For the record, I might only just squeeze in a passing grade on the Latin section (largely because the answers are half there anyway! :eek:) but would totally flunk the rest of it. But that’s because I was educated in the 20th century…

Sorry if I just can’t make myself feel like an idiot for not knowing the ingredients of Olde Tyme Moustache Wax or who John L. Sullivan beat to win the bareknuckle boxing heavyweight championship.

I could do only the math. At least if I knew what a rod was I could. As for the square and cube roots, I would use the goddam power series expansions for the functions. Yes, I can do the square root algorithm, but it is easier to start with the facts that 29^2 = 529 and .2^3 = .008. But why do you guys (a word is use without sexual meaning) think we taught you power series? Just to bug you on exams?

Since others have commented that the Latin and Greek are easy (if you know them), maybe the exam was easy.

What is the advantage of the power series calculation over the much simpler Babylonian method? [In case you are worried, note that the Babylonian method converges very quickly: each iteration at least doubles the number of accurate digits, and adds even another accurate bit on top of that. I am not sure how quickly the power series converges; I suppose I could figure it out from the Taylor series remainder formula, but I am lazy at the moment. Computer simulation shows that none of this really matters for the particular example on the exam, though; they both converge just about immediately to the requisite accuracy, and indeed quite quickly to the full 23.054283766797006 Haskell is willing to tell me without invoking bignums]

The advantage is that I know one method and not the other.

I’m guessing that you are supposed to write in a separate answer book, not on the exam paper.

Babylonian method: To figure out sqrt(N), make a guess, then average your guess with N/your guess to get a better approximation, repeat till you have the desired accuracy. Boom, now you know both. (Unless you were saying this was the one you knew from the start)

I suspect this is only one of TWO tests that Harvard used to give out.

This one was given to working class kids who wanted to go to Harvard.

The OTHER test had only two questions:

  1. “When did your Dad graduate from Harvard?”

  2. “How much is he willing to donate this year?”
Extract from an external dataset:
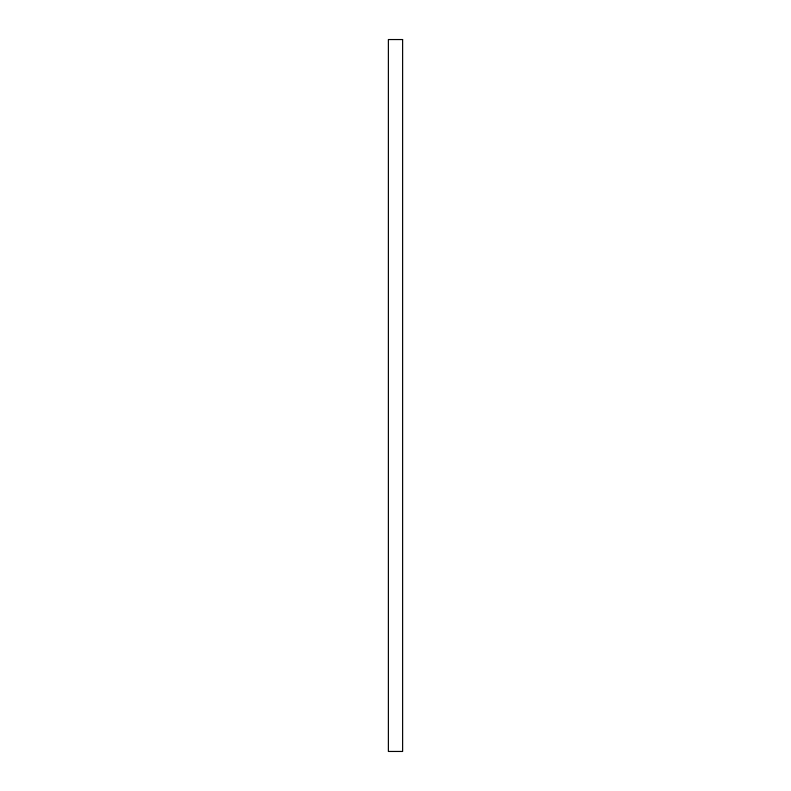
<?xml version="1.0" encoding="UTF-8"?>
<svg xmlns="http://www.w3.org/2000/svg" width="791" height="791" viewBox="0 0 791 791"><rect width="100%" height="100%" fill="white"/><g stroke="black" fill="none" stroke-linecap="round" stroke-linejoin="round"><path stroke-width="1.19" d="M402.619 39.55L388.381 39.55L388.381 751.45L402.619 751.45L402.619 39.55"/></g></svg>

Could easily do most of the Latin, Greek and history stuff off the top of my head now but it kinda helps to have a PhD and to teach the history of Greece and Rome every semester (and am currently marking a boatload of Greek history essay exams)…but, except for the Latin, could not have done so as an 17-18 year old, of course!

As for the math – nope.

eta – as the others have said, if you had already a year or two of Latin or Greek, those sections were pretty straightforward; by the time I was 17 I’d had a couple years of Latin grammar.